When someone has a phobia, they often go out of their way to make sure they can avoid the thing or situation they're afraid of. Maybe they'll skip someone's wedding because they don't want to fly on a plane. Or maybe they refuse to come over because they're terrified of your cats. Or maybe they haven't opened their closet in months because the last time they did, they saw a spider.
Phobias are intense, although they're not always rational. When you have an excessive fear that interferes with how you live your life, it's usually a sign that you've transitioned over into phobia territory. But can you cure a phobia? Depends on what it is.
In general, any excessive fear can be considered a phobia, but most phobias are "highly circumscribed," meaning they're very specific, says Franklin Schneier, MD, co-director of the Anxiety Disorders Clinic and special lecturer in psychiatry at Columbia University Medical Center. For example, someone might have a specific phobia of a particular animal, like a spider, or an environmental threat, like thunder. You can also have specific phobias of going to the dentist, flying, or heights. Even though they're not always logical, people with phobias often feel powerless and like they can't do anything to stop their fear, according to the Anxiety and Depression Association of America.
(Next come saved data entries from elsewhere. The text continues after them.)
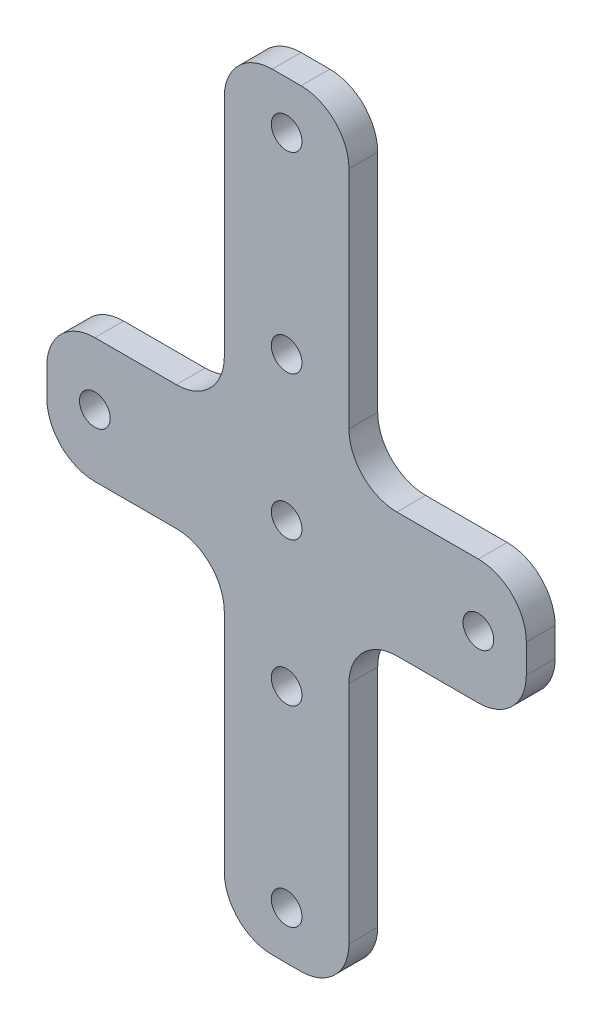
ISO-10303-21;
HEADER;
FILE_DESCRIPTION(('STEP AP214'),'2;1');
FILE_NAME('part.step','',(''),(''),'','','');
FILE_SCHEMA(('AUTOMOTIVE_DESIGN { 1 0 10303 214 1 1 1 1 }'));
ENDSEC;
DATA;
#1=APPLICATION_CONTEXT('core data for automotive mechanical design processes');
#2=APPLICATION_PROTOCOL_DEFINITION('international standard','automotive_design',2000,#1);
#3=PRODUCT_CONTEXT('',#1,'mechanical');
#4=PRODUCT('Part','Part','',(#3));
#5=PRODUCT_RELATED_PRODUCT_CATEGORY('part','',(#4));
#6=PRODUCT_DEFINITION_FORMATION('','',#4);
#7=PRODUCT_DEFINITION_CONTEXT('part definition',#1,'design');
#8=PRODUCT_DEFINITION('design','',#6,#7);
#9=PRODUCT_DEFINITION_SHAPE('','',#8);
#10=(LENGTH_UNIT() NAMED_UNIT(*) SI_UNIT(.MILLI.,.METRE.));
#11=(NAMED_UNIT(*) PLANE_ANGLE_UNIT() SI_UNIT($,.RADIAN.));
#12=(NAMED_UNIT(*) SI_UNIT($,.STERADIAN.) SOLID_ANGLE_UNIT());
#13=UNCERTAINTY_MEASURE_WITH_UNIT(LENGTH_MEASURE(1.E-05),#10,'distance_accuracy_value','');
#14=(GEOMETRIC_REPRESENTATION_CONTEXT(3) GLOBAL_UNCERTAINTY_ASSIGNED_CONTEXT((#13)) GLOBAL_UNIT_ASSIGNED_CONTEXT((#10,
#11,#12)) REPRESENTATION_CONTEXT('',''));
#15=CARTESIAN_POINT('',(0.,0.,0.));
#16=DIRECTION('',(0.,0.,1.));
#17=DIRECTION('',(1.,0.,0.));
#18=AXIS2_PLACEMENT_3D('',#15,#16,#17);
#19=CARTESIAN_POINT('',(-25.,-6.50000000000001,3.));
#20=DIRECTION('',(0.,1.,0.));
#21=DIRECTION('',(0.,0.,1.));
#22=AXIS2_PLACEMENT_3D('',#19,#20,#21);
#23=PLANE('',#22);
#24=DIRECTION('',(0.,0.,-1.));
#25=VECTOR('',#24,1.);
#26=CARTESIAN_POINT('',(11.5,-6.5,3.));
#27=LINE('',#26,#25);
#28=CARTESIAN_POINT('',(11.5,-6.50000000000001,0.));
#29=VERTEX_POINT('',#28);
#30=CARTESIAN_POINT('',(11.5,-6.5,3.));
#31=VERTEX_POINT('',#30);
#32=EDGE_CURVE('E69',#29,#31,#27,.F.);
#33=ORIENTED_EDGE('',*,*,#32,.F.);
#34=DIRECTION('',(1.,0.,0.));
#35=VECTOR('',#34,1.);
#36=CARTESIAN_POINT('',(-25.,-6.50000000000001,0.));
#37=LINE('',#36,#35);
#38=CARTESIAN_POINT('',(20.,-6.50000000000001,0.));
#39=VERTEX_POINT('',#38);
#40=EDGE_CURVE('E382',#29,#39,#37,.T.);
#41=ORIENTED_EDGE('',*,*,#40,.T.);
#42=DIRECTION('',(0.,0.,-1.));
#43=VECTOR('',#42,1.);
#44=CARTESIAN_POINT('',(20.,-6.50000000000001,3.));
#45=LINE('',#44,#43);
#46=CARTESIAN_POINT('',(20.,-6.50000000000001,3.));
#47=VERTEX_POINT('',#46);
#48=EDGE_CURVE('E476',#39,#47,#45,.F.);
#49=ORIENTED_EDGE('',*,*,#48,.T.);
#50=DIRECTION('',(1.,0.,0.));
#51=VECTOR('',#50,1.);
#52=CARTESIAN_POINT('',(-25.,-6.50000000000001,3.));
#53=LINE('',#52,#51);
#54=EDGE_CURVE('E350',#31,#47,#53,.T.);
#55=ORIENTED_EDGE('',*,*,#54,.F.);
#56=EDGE_LOOP('',(#33,#41,#49,#55));
#57=FACE_BOUND('',#56,.T.);
#58=ADVANCED_FACE('F45',(#57),#23,.F.);
#59=CARTESIAN_POINT('',(0.,0.,3.));
#60=DIRECTION('',(0.,0.,-1.));
#61=DIRECTION('',(-1.,0.,0.));
#62=AXIS2_PLACEMENT_3D('',#59,#60,#61);
#63=PLANE('',#62);
#64=DIRECTION('',(-1.,0.,0.));
#65=VECTOR('',#64,1.);
#66=CARTESIAN_POINT('',(25.,6.5,3.));
#67=LINE('',#66,#65);
#68=CARTESIAN_POINT('',(20.,6.5,3.));
#69=VERTEX_POINT('',#68);
#70=CARTESIAN_POINT('',(11.5,6.5,3.));
#71=VERTEX_POINT('',#70);
#72=EDGE_CURVE('E358',#69,#71,#67,.T.);
#73=ORIENTED_EDGE('',*,*,#72,.T.);
#74=CARTESIAN_POINT('',(11.5,11.5,3.));
#75=DIRECTION('',(0.,0.,-1.));
#76=DIRECTION('',(-1.,0.,0.));
#77=AXIS2_PLACEMENT_3D('',#74,#75,#76);
#78=CIRCLE('',#77,5.);
#79=CARTESIAN_POINT('',(6.5,11.5,3.));
#80=VERTEX_POINT('',#79);
#81=EDGE_CURVE('E11',#71,#80,#78,.T.);
#82=ORIENTED_EDGE('',*,*,#81,.T.);
#83=DIRECTION('',(0.,1.,0.));
#84=VECTOR('',#83,1.);
#85=CARTESIAN_POINT('',(6.5,6.5,3.));
#86=LINE('',#85,#84);
#87=CARTESIAN_POINT('',(6.5,35.,3.));
#88=VERTEX_POINT('',#87);
#89=EDGE_CURVE('E362',#80,#88,#86,.T.);
#90=ORIENTED_EDGE('',*,*,#89,.T.);
#91=CARTESIAN_POINT('',(1.5,35.,3.));
#92=DIRECTION('',(0.,0.,-1.));
#93=DIRECTION('',(-1.,0.,0.));
#94=AXIS2_PLACEMENT_3D('',#91,#92,#93);
#95=CIRCLE('',#94,5.);
#96=CARTESIAN_POINT('',(1.5,40.,3.));
#97=VERTEX_POINT('',#96);
#98=EDGE_CURVE('E445',#88,#97,#95,.F.);
#99=ORIENTED_EDGE('',*,*,#98,.T.);
#100=DIRECTION('',(-1.,0.,0.));
#101=VECTOR('',#100,1.);
#102=CARTESIAN_POINT('',(6.5,40.,3.));
#103=LINE('',#102,#101);
#104=CARTESIAN_POINT('',(-1.5,40.,3.));
#105=VERTEX_POINT('',#104);
#106=EDGE_CURVE('E366',#97,#105,#103,.T.);
#107=ORIENTED_EDGE('',*,*,#106,.T.);
#108=CARTESIAN_POINT('',(-1.5,35.,3.));
#109=DIRECTION('',(0.,0.,-1.));
#110=DIRECTION('',(-1.,0.,0.));
#111=AXIS2_PLACEMENT_3D('',#108,#109,#110);
#112=CIRCLE('',#111,5.);
#113=CARTESIAN_POINT('',(-6.5,35.,3.));
#114=VERTEX_POINT('',#113);
#115=EDGE_CURVE('E448',#105,#114,#112,.F.);
#116=ORIENTED_EDGE('',*,*,#115,.T.);
#117=DIRECTION('',(0.,-1.,0.));
#118=VECTOR('',#117,1.);
#119=CARTESIAN_POINT('',(-6.5,40.,3.));
#120=LINE('',#119,#118);
#121=CARTESIAN_POINT('',(-6.5,11.5,3.));
#122=VERTEX_POINT('',#121);
#123=EDGE_CURVE('E337',#114,#122,#120,.T.);
#124=ORIENTED_EDGE('',*,*,#123,.T.);
#125=CARTESIAN_POINT('',(-11.5,11.5,3.));
#126=DIRECTION('',(0.,0.,-1.));
#127=DIRECTION('',(-1.,0.,0.));
#128=AXIS2_PLACEMENT_3D('',#125,#126,#127);
#129=CIRCLE('',#128,5.);
#130=CARTESIAN_POINT('',(-11.5,6.5,3.));
#131=VERTEX_POINT('',#130);
#132=EDGE_CURVE('E497',#122,#131,#129,.T.);
#133=ORIENTED_EDGE('',*,*,#132,.T.);
#134=DIRECTION('',(-1.,0.,0.));
#135=VECTOR('',#134,1.);
#136=CARTESIAN_POINT('',(-6.5,6.5,3.));
#137=LINE('',#136,#135);
#138=CARTESIAN_POINT('',(-20.,6.49999999999999,3.));
#139=VERTEX_POINT('',#138);
#140=EDGE_CURVE('E341',#131,#139,#137,.T.);
#141=ORIENTED_EDGE('',*,*,#140,.T.);
#142=CARTESIAN_POINT('',(-20.,1.49999999999999,3.));
#143=DIRECTION('',(0.,0.,-1.));
#144=DIRECTION('',(-1.,0.,0.));
#145=AXIS2_PLACEMENT_3D('',#142,#143,#144);
#146=CIRCLE('',#145,5.);
#147=CARTESIAN_POINT('',(-25.,1.49999999999999,3.));
#148=VERTEX_POINT('',#147);
#149=EDGE_CURVE('E433',#139,#148,#146,.F.);
#150=ORIENTED_EDGE('',*,*,#149,.T.);
#151=DIRECTION('',(0.,-1.,0.));
#152=VECTOR('',#151,1.);
#153=CARTESIAN_POINT('',(-25.,6.49999999999999,3.));
#154=LINE('',#153,#152);
#155=CARTESIAN_POINT('',(-25.,-1.5,3.));
#156=VERTEX_POINT('',#155);
#157=EDGE_CURVE('E346',#148,#156,#154,.T.);
#158=ORIENTED_EDGE('',*,*,#157,.T.);
#159=CARTESIAN_POINT('',(-20.,-1.5,3.));
#160=DIRECTION('',(0.,0.,-1.));
#161=DIRECTION('',(-1.,0.,0.));
#162=AXIS2_PLACEMENT_3D('',#159,#160,#161);
#163=CIRCLE('',#162,5.);
#164=CARTESIAN_POINT('',(-20.,-6.50000000000001,3.));
#165=VERTEX_POINT('',#164);
#166=EDGE_CURVE('E436',#156,#165,#163,.F.);
#167=ORIENTED_EDGE('',*,*,#166,.T.);
#168=CARTESIAN_POINT('',(-11.5,-6.50000000000001,3.));
#169=VERTEX_POINT('',#168);
#170=EDGE_CURVE('E351',#165,#169,#53,.T.);
#171=ORIENTED_EDGE('',*,*,#170,.T.);
#172=CARTESIAN_POINT('',(-11.5,-11.5,3.));
#173=DIRECTION('',(0.,0.,1.));
#174=DIRECTION('',(-1.,0.,0.));
#175=AXIS2_PLACEMENT_3D('',#172,#173,#174);
#176=CIRCLE('',#175,5.);
#177=CARTESIAN_POINT('',(-6.5,-11.5,3.));
#178=VERTEX_POINT('',#177);
#179=EDGE_CURVE('E284',#178,#169,#176,.T.);
#180=ORIENTED_EDGE('',*,*,#179,.F.);
#181=DIRECTION('',(0.,1.,0.));
#182=VECTOR('',#181,1.);
#183=CARTESIAN_POINT('',(-6.5,-40.,3.));
#184=LINE('',#183,#182);
#185=CARTESIAN_POINT('',(-6.5,-35.,3.));
#186=VERTEX_POINT('',#185);
#187=EDGE_CURVE('E254',#186,#178,#184,.T.);
#188=ORIENTED_EDGE('',*,*,#187,.F.);
#189=CARTESIAN_POINT('',(-1.5,-35.,3.));
#190=DIRECTION('',(0.,0.,1.));
#191=DIRECTION('',(-1.,0.,0.));
#192=AXIS2_PLACEMENT_3D('',#189,#190,#191);
#193=CIRCLE('',#192,5.);
#194=CARTESIAN_POINT('',(-1.5,-40.,3.));
#195=VERTEX_POINT('',#194);
#196=EDGE_CURVE('E213',#195,#186,#193,.F.);
#197=ORIENTED_EDGE('',*,*,#196,.F.);
#198=DIRECTION('',(-1.,0.,0.));
#199=VECTOR('',#198,1.);
#200=CARTESIAN_POINT('',(6.5,-40.,3.));
#201=LINE('',#200,#199);
#202=CARTESIAN_POINT('',(1.5,-40.,3.));
#203=VERTEX_POINT('',#202);
#204=EDGE_CURVE('E249',#203,#195,#201,.T.);
#205=ORIENTED_EDGE('',*,*,#204,.F.);
#206=CARTESIAN_POINT('',(1.5,-35.,3.));
#207=DIRECTION('',(0.,0.,1.));
#208=DIRECTION('',(-1.,0.,0.));
#209=AXIS2_PLACEMENT_3D('',#206,#207,#208);
#210=CIRCLE('',#209,5.);
#211=CARTESIAN_POINT('',(6.5,-35.,3.));
#212=VERTEX_POINT('',#211);
#213=EDGE_CURVE('E265',#212,#203,#210,.F.);
#214=ORIENTED_EDGE('',*,*,#213,.F.);
#215=DIRECTION('',(0.,-1.,0.));
#216=VECTOR('',#215,1.);
#217=CARTESIAN_POINT('',(6.5,-6.5,3.));
#218=LINE('',#217,#216);
#219=CARTESIAN_POINT('',(6.5,-11.5,3.));
#220=VERTEX_POINT('',#219);
#221=EDGE_CURVE('E564',#220,#212,#218,.T.);
#222=ORIENTED_EDGE('',*,*,#221,.F.);
#223=CARTESIAN_POINT('',(11.5,-11.5,3.));
#224=DIRECTION('',(0.,0.,1.));
#225=DIRECTION('',(-1.,0.,0.));
#226=AXIS2_PLACEMENT_3D('',#223,#224,#225);
#227=CIRCLE('',#226,5.);
#228=EDGE_CURVE('E292',#31,#220,#227,.T.);
#229=ORIENTED_EDGE('',*,*,#228,.F.);
#230=ORIENTED_EDGE('',*,*,#54,.T.);
#231=CARTESIAN_POINT('',(20.,-1.5,3.));
#232=DIRECTION('',(0.,0.,-1.));
#233=DIRECTION('',(-1.,0.,0.));
#234=AXIS2_PLACEMENT_3D('',#231,#232,#233);
#235=CIRCLE('',#234,5.);
#236=CARTESIAN_POINT('',(25.,-1.50000000000001,3.));
#237=VERTEX_POINT('',#236);
#238=EDGE_CURVE('E439',#47,#237,#235,.F.);
#239=ORIENTED_EDGE('',*,*,#238,.T.);
#240=DIRECTION('',(0.,1.,0.));
#241=VECTOR('',#240,1.);
#242=CARTESIAN_POINT('',(25.,-6.50000000000001,3.));
#243=LINE('',#242,#241);
#244=CARTESIAN_POINT('',(25.,1.5,3.));
#245=VERTEX_POINT('',#244);
#246=EDGE_CURVE('E354',#237,#245,#243,.T.);
#247=ORIENTED_EDGE('',*,*,#246,.T.);
#248=CARTESIAN_POINT('',(20.,1.5,3.));
#249=DIRECTION('',(0.,0.,-1.));
#250=DIRECTION('',(-1.,0.,0.));
#251=AXIS2_PLACEMENT_3D('',#248,#249,#250);
#252=CIRCLE('',#251,5.);
#253=EDGE_CURVE('E442',#245,#69,#252,.F.);
#254=ORIENTED_EDGE('',*,*,#253,.T.);
#255=EDGE_LOOP('',(#73,#82,#90,#99,#107,#116,#124,#133,#141,#150,#158,#167,#171,#180,#188,#197,
#205,#214,#222,#229,#230,#239,#247,#254));
#256=FACE_BOUND('',#255,.T.);
#257=CARTESIAN_POINT('',(0.,0.,3.));
#258=DIRECTION('',(0.,0.,1.));
#259=DIRECTION('',(1.,0.,0.));
#260=AXIS2_PLACEMENT_3D('',#257,#258,#259);
#261=CIRCLE('',#260,1.6);
#262=CARTESIAN_POINT('',(1.6,0.,3.));
#263=VERTEX_POINT('',#262);
#264=EDGE_CURVE('E313',#263,#263,#261,.T.);
#265=ORIENTED_EDGE('',*,*,#264,.F.);
#266=EDGE_LOOP('',(#265));
#267=FACE_BOUND('',#266,.T.);
#268=CARTESIAN_POINT('',(20.,0.,3.));
#269=DIRECTION('',(0.,0.,1.));
#270=DIRECTION('',(1.,0.,0.));
#271=AXIS2_PLACEMENT_3D('',#268,#269,#270);
#272=CIRCLE('',#271,1.6);
#273=CARTESIAN_POINT('',(21.6,0.,3.));
#274=VERTEX_POINT('',#273);
#275=EDGE_CURVE('E305',#274,#274,#272,.T.);
#276=ORIENTED_EDGE('',*,*,#275,.F.);
#277=EDGE_LOOP('',(#276));
#278=FACE_BOUND('',#277,.T.);
#279=CARTESIAN_POINT('',(-20.,0.,3.));
#280=DIRECTION('',(0.,0.,1.));
#281=DIRECTION('',(1.,0.,0.));
#282=AXIS2_PLACEMENT_3D('',#279,#280,#281);
#283=CIRCLE('',#282,1.6);
#284=CARTESIAN_POINT('',(-18.4,0.,3.));
#285=VERTEX_POINT('',#284);
#286=EDGE_CURVE('E297',#285,#285,#283,.T.);
#287=ORIENTED_EDGE('',*,*,#286,.F.);
#288=EDGE_LOOP('',(#287));
#289=FACE_BOUND('',#288,.T.);
#290=CARTESIAN_POINT('',(0.,-15.,3.));
#291=DIRECTION('',(0.,0.,-1.));
#292=DIRECTION('',(1.,0.,0.));
#293=AXIS2_PLACEMENT_3D('',#290,#291,#292);
#294=CIRCLE('',#293,1.6);
#295=CARTESIAN_POINT('',(1.6,-15.,3.));
#296=VERTEX_POINT('',#295);
#297=EDGE_CURVE('E571',#296,#296,#294,.T.);
#298=ORIENTED_EDGE('',*,*,#297,.T.);
#299=EDGE_LOOP('',(#298));
#300=FACE_BOUND('',#299,.T.);
#301=CARTESIAN_POINT('',(0.,-35.,3.));
#302=DIRECTION('',(0.,0.,-1.));
#303=DIRECTION('',(1.,0.,0.));
#304=AXIS2_PLACEMENT_3D('',#301,#302,#303);
#305=CIRCLE('',#304,1.6);
#306=CARTESIAN_POINT('',(1.6,-35.,3.));
#307=VERTEX_POINT('',#306);
#308=EDGE_CURVE('E239',#307,#307,#305,.T.);
#309=ORIENTED_EDGE('',*,*,#308,.T.);
#310=EDGE_LOOP('',(#309));
#311=FACE_BOUND('',#310,.T.);
#312=CARTESIAN_POINT('',(0.,15.,3.));
#313=DIRECTION('',(0.,0.,1.));
#314=DIRECTION('',(1.,0.,0.));
#315=AXIS2_PLACEMENT_3D('',#312,#313,#314);
#316=CIRCLE('',#315,1.6);
#317=CARTESIAN_POINT('',(1.6,15.,3.));
#318=VERTEX_POINT('',#317);
#319=EDGE_CURVE('E321',#318,#318,#316,.T.);
#320=ORIENTED_EDGE('',*,*,#319,.F.);
#321=EDGE_LOOP('',(#320));
#322=FACE_BOUND('',#321,.T.);
#323=CARTESIAN_POINT('',(0.,35.,3.));
#324=DIRECTION('',(0.,0.,1.));
#325=DIRECTION('',(1.,0.,0.));
#326=AXIS2_PLACEMENT_3D('',#323,#324,#325);
#327=CIRCLE('',#326,1.6);
#328=CARTESIAN_POINT('',(1.6,35.,3.));
#329=VERTEX_POINT('',#328);
#330=EDGE_CURVE('E329',#329,#329,#327,.T.);
#331=ORIENTED_EDGE('',*,*,#330,.F.);
#332=EDGE_LOOP('',(#331));
#333=FACE_BOUND('',#332,.T.);
#334=ADVANCED_FACE('F512',(#256,#267,#278,#289,#300,#311,#322,#333),#63,.F.);
#335=CARTESIAN_POINT('',(0.,0.,0.));
#336=DIRECTION('',(0.,0.,-1.));
#337=DIRECTION('',(-1.,0.,0.));
#338=AXIS2_PLACEMENT_3D('',#335,#336,#337);
#339=PLANE('',#338);
#340=DIRECTION('',(-1.,0.,0.));
#341=VECTOR('',#340,1.);
#342=CARTESIAN_POINT('',(-6.5,6.5,0.));
#343=LINE('',#342,#341);
#344=CARTESIAN_POINT('',(-11.5,6.5,0.));
#345=VERTEX_POINT('',#344);
#346=CARTESIAN_POINT('',(-20.,6.49999999999999,0.));
#347=VERTEX_POINT('',#346);
#348=EDGE_CURVE('E374',#345,#347,#343,.T.);
#349=ORIENTED_EDGE('',*,*,#348,.F.);
#350=CARTESIAN_POINT('',(-11.5,11.5,0.));
#351=DIRECTION('',(0.,0.,-1.));
#352=DIRECTION('',(-1.,0.,0.));
#353=AXIS2_PLACEMENT_3D('',#350,#351,#352);
#354=CIRCLE('',#353,5.);
#355=CARTESIAN_POINT('',(-6.5,11.5,0.));
#356=VERTEX_POINT('',#355);
#357=EDGE_CURVE('E494',#345,#356,#354,.F.);
#358=ORIENTED_EDGE('',*,*,#357,.T.);
#359=DIRECTION('',(0.,-1.,0.));
#360=VECTOR('',#359,1.);
#361=CARTESIAN_POINT('',(-6.5,40.,0.));
#362=LINE('',#361,#360);
#363=CARTESIAN_POINT('',(-6.5,35.,0.));
#364=VERTEX_POINT('',#363);
#365=EDGE_CURVE('E333',#364,#356,#362,.T.);
#366=ORIENTED_EDGE('',*,*,#365,.F.);
#367=CARTESIAN_POINT('',(-1.5,35.,0.));
#368=DIRECTION('',(0.,0.,-1.));
#369=DIRECTION('',(-1.,0.,0.));
#370=AXIS2_PLACEMENT_3D('',#367,#368,#369);
#371=CIRCLE('',#370,5.);
#372=CARTESIAN_POINT('',(-1.5,40.,0.));
#373=VERTEX_POINT('',#372);
#374=EDGE_CURVE('E423',#364,#373,#371,.T.);
#375=ORIENTED_EDGE('',*,*,#374,.T.);
#376=DIRECTION('',(-1.,0.,0.));
#377=VECTOR('',#376,1.);
#378=CARTESIAN_POINT('',(6.5,40.,0.));
#379=LINE('',#378,#377);
#380=CARTESIAN_POINT('',(1.5,40.,0.));
#381=VERTEX_POINT('',#380);
#382=EDGE_CURVE('E342',#381,#373,#379,.T.);
#383=ORIENTED_EDGE('',*,*,#382,.F.);
#384=CARTESIAN_POINT('',(1.5,35.,0.));
#385=DIRECTION('',(0.,0.,-1.));
#386=DIRECTION('',(-1.,0.,0.));
#387=AXIS2_PLACEMENT_3D('',#384,#385,#386);
#388=CIRCLE('',#387,5.);
#389=CARTESIAN_POINT('',(6.5,35.,0.));
#390=VERTEX_POINT('',#389);
#391=EDGE_CURVE('E420',#381,#390,#388,.T.);
#392=ORIENTED_EDGE('',*,*,#391,.T.);
#393=DIRECTION('',(0.,1.,0.));
#394=VECTOR('',#393,1.);
#395=CARTESIAN_POINT('',(6.5,6.5,0.));
#396=LINE('',#395,#394);
#397=CARTESIAN_POINT('',(6.5,11.5,0.));
#398=VERTEX_POINT('',#397);
#399=EDGE_CURVE('E394',#398,#390,#396,.T.);
#400=ORIENTED_EDGE('',*,*,#399,.F.);
#401=CARTESIAN_POINT('',(11.5,11.5,0.));
#402=DIRECTION('',(0.,0.,-1.));
#403=DIRECTION('',(-1.,0.,0.));
#404=AXIS2_PLACEMENT_3D('',#401,#402,#403);
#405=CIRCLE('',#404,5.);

Sometimes phobias are part of a different disorder — for example, "germ phobia" is often part of OCD, Dr. Schneier says. Phobias can also be their own disorder category, such as social phobia or agoraphobia, he says. These broader phobias are harder to treat than a specific phobia.
Luckily, specific phobias are highly treatable, but they're often mild enough that people don't end up seeking treatment, Dr. Schneier explains. More than 10 million people in the United States have a phobia, but only 32% of those people are receiving treatment, according to the National Institute of Mental Health. Dr. Schneier says you should seek treatment when you feel like your own efforts to overcome your fears aren't working. But what does treatment entail?
The "gold standard of treatment," according to Dr. Schneier, is something called behavioral exposure, in which you gradually expose yourself to your feared situation until your anxiety declines. There's also a technique called "flooding," which involves very intense exposure to the highly feared situation, and brings to mind that old reality show Fear Factor. "Understandably, most patients prefer the gradual approach," Dr. Schneier says. Cognitive behavioral therapy is also known to help phobias, and a therapist might help you reshape how you think about your phobia.
Usually, people only need to be in treatment for six to 12 sessions, but there are some people who opt for intensive, single-session treatments, he says. Some psychiatrists might also prescribe a short-acting anxiety medication to control your symptoms for a short period of time, Dr. Schneier says. "But these don't prevent future episodes," he says, because you can't control when you might be exposed to a trigger.
"There's good evidence that, for someone with a phobia, the fear memories don't disappear, even after successful treatment," Dr. Schneier says. Even though you've learned how to be calm when confronted with the thing that you're afraid of, usually your sense of fear is still strong in your mind, Dr. Schneier says. After a while, the fears might seem to disappear for a long period of time, or sometimes forever. "For all practical purposes, some people can be cured," he says. "However, the phobia can return under stressful situations."
The bottom line: If you feel like you have a phobia that's getting in the way of how you function in the world, you should consider getting treatment for that phobia. There are people who can help you, and treating your phobia likely isn't as scary as dealing with it alone.